Data records.
----

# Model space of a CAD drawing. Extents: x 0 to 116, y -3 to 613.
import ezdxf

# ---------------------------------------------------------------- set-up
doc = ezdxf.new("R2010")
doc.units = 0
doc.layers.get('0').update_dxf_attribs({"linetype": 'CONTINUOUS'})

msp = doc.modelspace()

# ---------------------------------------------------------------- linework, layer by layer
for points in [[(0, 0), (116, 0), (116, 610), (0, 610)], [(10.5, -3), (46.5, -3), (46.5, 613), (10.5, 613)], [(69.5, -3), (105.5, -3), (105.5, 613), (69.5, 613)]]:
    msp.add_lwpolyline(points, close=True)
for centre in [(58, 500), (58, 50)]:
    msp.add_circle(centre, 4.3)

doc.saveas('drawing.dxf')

----

Instructions for the task. Determine how many lines of the data contain "points" and give nothing but that number.

Response to the exercise. 2